▼
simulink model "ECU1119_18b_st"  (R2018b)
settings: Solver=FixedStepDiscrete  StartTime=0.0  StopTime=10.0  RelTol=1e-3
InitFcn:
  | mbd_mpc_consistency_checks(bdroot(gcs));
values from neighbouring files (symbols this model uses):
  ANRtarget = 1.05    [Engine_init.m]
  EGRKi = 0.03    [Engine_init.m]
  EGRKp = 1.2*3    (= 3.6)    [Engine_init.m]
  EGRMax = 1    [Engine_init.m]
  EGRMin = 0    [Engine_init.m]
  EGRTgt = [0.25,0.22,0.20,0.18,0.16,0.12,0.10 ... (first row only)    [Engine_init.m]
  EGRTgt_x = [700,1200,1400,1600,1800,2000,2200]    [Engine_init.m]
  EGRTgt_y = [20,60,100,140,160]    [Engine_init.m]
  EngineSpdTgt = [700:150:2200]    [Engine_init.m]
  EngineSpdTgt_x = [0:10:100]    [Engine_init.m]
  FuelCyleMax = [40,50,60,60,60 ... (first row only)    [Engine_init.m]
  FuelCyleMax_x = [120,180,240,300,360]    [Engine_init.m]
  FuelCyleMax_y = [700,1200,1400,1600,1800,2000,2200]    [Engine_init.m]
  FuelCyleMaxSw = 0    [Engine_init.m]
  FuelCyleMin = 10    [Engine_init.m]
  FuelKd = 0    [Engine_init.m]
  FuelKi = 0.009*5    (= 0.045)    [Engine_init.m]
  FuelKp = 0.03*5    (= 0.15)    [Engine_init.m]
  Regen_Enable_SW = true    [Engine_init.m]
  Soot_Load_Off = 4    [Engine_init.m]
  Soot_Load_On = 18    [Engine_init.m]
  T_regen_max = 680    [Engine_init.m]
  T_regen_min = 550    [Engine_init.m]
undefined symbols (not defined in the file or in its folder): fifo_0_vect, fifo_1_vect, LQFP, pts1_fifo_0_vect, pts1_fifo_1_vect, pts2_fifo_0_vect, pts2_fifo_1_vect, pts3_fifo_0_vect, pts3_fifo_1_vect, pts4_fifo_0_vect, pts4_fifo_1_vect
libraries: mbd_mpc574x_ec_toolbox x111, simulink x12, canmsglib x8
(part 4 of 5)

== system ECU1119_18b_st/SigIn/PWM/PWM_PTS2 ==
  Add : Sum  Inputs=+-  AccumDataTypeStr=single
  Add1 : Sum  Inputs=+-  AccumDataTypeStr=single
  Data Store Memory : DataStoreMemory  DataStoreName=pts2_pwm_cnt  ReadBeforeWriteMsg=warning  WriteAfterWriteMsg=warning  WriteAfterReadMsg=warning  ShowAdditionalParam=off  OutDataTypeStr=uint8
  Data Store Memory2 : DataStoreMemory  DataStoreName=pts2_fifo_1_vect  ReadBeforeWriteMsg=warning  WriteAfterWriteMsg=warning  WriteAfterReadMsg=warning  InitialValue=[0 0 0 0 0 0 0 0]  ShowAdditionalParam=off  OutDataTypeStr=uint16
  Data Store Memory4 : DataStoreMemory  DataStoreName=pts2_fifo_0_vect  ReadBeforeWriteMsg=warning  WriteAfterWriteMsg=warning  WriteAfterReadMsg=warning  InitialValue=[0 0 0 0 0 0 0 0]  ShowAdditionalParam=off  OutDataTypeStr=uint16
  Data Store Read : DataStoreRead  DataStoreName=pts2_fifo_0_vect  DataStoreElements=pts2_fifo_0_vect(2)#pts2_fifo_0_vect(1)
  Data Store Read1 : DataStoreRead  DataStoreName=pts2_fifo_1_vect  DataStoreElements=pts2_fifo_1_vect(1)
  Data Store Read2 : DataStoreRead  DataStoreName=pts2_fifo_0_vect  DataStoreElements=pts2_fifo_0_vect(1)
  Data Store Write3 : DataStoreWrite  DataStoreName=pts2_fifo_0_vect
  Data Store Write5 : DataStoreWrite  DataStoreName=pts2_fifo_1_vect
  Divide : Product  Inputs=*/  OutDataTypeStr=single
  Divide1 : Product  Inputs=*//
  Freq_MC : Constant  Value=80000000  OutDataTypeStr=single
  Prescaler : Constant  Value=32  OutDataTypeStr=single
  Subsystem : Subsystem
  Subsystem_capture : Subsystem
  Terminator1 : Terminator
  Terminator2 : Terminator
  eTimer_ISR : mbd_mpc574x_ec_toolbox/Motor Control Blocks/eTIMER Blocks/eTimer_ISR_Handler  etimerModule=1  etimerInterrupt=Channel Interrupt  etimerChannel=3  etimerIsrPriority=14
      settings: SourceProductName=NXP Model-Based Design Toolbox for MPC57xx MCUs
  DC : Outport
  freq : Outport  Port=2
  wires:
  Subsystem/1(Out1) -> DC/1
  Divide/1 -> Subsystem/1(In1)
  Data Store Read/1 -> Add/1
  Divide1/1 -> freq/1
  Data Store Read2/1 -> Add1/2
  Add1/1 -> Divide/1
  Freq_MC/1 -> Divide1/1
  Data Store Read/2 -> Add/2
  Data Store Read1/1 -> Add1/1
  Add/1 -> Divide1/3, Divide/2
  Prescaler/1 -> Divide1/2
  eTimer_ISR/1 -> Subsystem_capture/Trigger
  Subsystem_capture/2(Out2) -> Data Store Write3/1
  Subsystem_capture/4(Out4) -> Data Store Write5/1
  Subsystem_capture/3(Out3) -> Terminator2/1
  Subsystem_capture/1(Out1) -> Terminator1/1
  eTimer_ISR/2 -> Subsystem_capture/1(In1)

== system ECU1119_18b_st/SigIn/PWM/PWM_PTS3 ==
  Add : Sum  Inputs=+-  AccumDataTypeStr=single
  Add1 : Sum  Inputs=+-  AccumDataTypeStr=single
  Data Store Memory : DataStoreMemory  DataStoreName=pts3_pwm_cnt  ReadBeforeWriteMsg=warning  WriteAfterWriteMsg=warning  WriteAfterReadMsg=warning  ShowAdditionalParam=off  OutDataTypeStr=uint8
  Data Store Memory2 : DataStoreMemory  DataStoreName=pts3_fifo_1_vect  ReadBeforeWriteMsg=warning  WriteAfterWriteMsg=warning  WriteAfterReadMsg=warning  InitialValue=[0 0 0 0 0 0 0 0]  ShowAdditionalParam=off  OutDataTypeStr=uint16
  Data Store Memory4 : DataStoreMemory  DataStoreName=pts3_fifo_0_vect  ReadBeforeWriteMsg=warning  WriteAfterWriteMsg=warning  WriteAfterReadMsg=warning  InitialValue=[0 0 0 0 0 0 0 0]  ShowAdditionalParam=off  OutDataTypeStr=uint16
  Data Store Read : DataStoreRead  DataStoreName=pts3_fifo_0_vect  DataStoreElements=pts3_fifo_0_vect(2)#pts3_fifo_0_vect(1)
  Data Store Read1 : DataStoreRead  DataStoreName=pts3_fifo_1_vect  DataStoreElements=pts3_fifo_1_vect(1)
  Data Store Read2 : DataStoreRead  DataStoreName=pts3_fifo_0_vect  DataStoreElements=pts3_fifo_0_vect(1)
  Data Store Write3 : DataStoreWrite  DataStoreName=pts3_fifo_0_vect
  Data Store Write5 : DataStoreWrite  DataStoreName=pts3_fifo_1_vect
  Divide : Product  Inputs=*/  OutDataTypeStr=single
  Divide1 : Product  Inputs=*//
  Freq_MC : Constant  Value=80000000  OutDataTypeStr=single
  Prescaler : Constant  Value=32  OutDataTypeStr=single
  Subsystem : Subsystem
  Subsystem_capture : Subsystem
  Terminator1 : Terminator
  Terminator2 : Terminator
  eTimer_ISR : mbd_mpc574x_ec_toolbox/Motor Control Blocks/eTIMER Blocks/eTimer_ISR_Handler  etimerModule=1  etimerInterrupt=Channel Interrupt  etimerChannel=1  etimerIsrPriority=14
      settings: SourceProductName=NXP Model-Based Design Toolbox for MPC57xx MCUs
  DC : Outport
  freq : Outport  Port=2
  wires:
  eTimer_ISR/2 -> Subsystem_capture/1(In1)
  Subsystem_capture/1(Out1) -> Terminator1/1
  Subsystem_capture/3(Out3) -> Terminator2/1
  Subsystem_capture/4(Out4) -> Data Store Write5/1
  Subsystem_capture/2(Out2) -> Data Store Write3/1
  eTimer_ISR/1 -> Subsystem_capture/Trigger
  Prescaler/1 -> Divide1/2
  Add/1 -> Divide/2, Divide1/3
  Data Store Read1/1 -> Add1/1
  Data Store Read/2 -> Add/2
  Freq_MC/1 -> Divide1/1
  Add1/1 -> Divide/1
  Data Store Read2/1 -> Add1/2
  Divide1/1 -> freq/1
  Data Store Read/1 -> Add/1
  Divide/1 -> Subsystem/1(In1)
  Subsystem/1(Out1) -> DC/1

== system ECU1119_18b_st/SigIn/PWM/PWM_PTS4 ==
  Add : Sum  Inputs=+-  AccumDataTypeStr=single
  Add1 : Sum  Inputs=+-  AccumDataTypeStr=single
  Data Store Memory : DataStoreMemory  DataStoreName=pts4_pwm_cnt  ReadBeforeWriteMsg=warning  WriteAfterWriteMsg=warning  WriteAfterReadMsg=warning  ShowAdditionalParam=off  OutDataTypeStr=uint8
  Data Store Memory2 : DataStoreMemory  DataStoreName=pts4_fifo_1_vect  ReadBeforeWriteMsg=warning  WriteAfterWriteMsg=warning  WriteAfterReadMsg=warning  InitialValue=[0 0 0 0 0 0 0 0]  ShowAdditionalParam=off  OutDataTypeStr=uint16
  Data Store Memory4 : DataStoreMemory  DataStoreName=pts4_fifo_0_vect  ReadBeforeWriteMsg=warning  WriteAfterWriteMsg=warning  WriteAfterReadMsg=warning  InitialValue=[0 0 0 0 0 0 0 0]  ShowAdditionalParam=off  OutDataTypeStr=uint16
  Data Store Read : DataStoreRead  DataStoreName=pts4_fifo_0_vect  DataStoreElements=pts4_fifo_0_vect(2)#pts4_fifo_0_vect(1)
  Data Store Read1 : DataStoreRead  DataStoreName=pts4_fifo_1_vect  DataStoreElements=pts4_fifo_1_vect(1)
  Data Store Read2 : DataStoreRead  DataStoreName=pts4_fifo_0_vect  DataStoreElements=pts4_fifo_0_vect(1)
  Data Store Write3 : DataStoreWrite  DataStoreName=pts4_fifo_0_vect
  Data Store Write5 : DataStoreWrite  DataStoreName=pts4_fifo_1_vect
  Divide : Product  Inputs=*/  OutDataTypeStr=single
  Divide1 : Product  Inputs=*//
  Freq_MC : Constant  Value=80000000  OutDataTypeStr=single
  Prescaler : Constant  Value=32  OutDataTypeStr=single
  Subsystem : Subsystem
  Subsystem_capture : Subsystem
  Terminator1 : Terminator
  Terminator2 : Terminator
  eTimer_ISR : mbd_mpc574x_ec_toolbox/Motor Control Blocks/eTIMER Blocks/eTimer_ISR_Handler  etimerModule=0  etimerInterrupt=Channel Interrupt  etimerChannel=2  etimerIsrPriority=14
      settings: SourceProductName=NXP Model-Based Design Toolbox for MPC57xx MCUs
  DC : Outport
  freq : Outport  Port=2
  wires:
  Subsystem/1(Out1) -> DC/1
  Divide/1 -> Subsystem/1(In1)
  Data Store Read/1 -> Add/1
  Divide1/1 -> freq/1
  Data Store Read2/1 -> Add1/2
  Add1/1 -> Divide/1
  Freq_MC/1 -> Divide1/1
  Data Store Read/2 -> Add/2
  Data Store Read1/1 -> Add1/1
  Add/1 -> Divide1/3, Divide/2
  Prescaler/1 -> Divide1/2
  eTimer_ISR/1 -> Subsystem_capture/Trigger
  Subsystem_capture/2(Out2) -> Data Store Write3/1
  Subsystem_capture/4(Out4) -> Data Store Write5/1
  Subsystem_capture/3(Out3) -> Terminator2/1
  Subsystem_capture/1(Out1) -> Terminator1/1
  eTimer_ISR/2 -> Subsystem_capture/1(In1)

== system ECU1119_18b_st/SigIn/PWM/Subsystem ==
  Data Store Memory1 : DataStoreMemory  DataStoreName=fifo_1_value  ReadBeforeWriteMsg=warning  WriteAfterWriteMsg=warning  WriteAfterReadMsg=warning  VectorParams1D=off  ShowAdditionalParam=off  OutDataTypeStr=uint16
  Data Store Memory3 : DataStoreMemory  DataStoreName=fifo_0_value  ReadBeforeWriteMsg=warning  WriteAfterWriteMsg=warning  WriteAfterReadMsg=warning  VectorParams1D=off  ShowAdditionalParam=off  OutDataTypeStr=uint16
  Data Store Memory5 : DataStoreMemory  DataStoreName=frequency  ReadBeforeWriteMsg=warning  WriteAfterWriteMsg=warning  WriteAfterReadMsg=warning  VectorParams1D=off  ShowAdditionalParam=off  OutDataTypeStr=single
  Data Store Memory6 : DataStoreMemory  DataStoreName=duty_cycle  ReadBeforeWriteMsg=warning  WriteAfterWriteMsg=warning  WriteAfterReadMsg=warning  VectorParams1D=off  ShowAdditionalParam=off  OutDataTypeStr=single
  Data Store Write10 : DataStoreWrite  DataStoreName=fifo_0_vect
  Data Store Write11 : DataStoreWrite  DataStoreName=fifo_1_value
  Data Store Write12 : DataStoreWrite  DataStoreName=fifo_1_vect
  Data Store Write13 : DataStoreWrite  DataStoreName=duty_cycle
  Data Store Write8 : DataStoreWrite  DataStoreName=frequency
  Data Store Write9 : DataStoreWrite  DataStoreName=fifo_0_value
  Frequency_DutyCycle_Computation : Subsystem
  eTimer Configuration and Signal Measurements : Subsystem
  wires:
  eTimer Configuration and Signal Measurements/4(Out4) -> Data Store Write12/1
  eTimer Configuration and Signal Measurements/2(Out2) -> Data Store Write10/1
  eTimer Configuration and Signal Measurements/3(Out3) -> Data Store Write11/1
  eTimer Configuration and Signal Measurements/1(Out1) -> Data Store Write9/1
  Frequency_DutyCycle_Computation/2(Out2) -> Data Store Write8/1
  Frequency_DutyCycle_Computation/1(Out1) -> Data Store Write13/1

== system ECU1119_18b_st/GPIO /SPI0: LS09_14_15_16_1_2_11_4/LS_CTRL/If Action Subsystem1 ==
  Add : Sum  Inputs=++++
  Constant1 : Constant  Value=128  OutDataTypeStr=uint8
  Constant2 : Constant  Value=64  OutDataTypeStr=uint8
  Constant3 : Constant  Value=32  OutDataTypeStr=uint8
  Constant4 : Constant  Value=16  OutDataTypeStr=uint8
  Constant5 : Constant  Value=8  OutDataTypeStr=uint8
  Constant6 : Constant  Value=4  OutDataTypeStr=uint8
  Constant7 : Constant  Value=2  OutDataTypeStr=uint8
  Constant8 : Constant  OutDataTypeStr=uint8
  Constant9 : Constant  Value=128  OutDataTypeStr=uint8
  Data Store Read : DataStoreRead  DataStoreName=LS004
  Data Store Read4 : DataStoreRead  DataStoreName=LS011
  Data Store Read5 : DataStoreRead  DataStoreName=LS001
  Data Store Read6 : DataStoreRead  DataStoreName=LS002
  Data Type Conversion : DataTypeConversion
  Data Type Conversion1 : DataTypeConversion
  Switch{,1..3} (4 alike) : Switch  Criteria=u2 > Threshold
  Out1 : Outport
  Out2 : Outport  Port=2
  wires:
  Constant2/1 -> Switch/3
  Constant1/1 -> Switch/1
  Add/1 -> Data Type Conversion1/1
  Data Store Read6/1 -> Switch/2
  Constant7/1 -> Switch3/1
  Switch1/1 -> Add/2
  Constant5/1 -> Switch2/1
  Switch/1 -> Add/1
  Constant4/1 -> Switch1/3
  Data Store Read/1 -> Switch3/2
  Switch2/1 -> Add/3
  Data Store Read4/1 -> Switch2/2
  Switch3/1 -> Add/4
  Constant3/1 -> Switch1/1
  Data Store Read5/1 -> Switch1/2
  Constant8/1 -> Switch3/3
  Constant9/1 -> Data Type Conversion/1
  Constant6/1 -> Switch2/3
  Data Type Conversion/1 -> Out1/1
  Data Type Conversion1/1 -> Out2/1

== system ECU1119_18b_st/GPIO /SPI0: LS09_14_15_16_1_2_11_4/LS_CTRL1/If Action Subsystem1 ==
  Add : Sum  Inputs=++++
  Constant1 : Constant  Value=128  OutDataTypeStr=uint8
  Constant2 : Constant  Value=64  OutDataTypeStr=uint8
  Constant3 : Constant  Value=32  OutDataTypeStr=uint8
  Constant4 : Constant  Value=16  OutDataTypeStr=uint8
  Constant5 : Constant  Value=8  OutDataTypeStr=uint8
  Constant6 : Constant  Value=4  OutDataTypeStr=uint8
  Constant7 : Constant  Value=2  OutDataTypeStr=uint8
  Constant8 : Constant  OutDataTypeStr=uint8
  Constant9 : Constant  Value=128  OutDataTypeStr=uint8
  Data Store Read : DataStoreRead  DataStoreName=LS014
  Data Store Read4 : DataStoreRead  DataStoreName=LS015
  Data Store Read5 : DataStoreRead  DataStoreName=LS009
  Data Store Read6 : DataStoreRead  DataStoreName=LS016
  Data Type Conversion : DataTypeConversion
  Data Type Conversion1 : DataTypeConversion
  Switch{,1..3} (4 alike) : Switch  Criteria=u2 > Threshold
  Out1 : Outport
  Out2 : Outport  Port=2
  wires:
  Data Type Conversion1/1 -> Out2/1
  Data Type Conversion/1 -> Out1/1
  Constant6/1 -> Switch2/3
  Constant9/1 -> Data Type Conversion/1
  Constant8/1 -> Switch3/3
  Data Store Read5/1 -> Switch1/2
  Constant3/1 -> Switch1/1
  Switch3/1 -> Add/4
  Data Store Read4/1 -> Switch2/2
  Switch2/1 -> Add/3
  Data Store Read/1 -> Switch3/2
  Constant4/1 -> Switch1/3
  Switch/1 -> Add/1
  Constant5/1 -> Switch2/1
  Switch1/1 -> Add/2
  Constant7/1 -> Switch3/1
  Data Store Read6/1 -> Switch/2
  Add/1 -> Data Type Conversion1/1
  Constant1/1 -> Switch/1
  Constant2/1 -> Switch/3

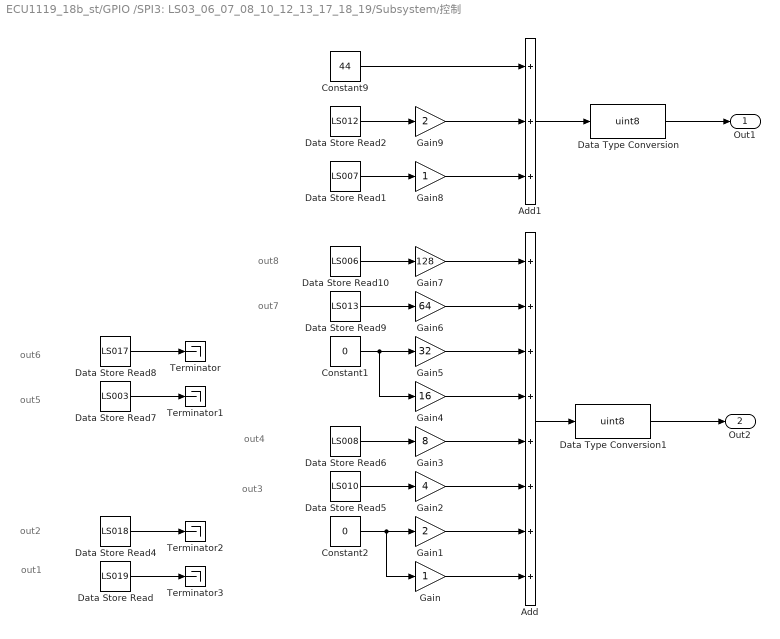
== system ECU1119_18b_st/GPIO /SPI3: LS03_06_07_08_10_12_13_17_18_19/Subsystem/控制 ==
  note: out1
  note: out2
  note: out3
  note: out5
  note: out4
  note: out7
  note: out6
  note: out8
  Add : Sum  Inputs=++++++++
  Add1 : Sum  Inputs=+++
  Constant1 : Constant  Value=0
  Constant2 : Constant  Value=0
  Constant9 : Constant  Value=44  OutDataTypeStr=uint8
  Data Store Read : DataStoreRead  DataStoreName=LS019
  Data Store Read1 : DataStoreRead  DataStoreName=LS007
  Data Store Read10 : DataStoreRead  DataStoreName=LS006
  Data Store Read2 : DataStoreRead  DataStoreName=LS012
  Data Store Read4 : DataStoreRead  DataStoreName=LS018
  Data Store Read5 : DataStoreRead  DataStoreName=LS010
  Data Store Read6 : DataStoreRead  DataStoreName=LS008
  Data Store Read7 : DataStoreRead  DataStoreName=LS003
▲
**Brief**
Please copy out every line in the listing that has the string "first".

**Expected answer**
  EGRTgt = [0.25,0.22,0.20,0.18,0.16,0.12,0.10 ... (first row only)    [Engine_init.m]
  FuelCyleMax = [40,50,60,60,60 ... (first row only)    [Engine_init.m]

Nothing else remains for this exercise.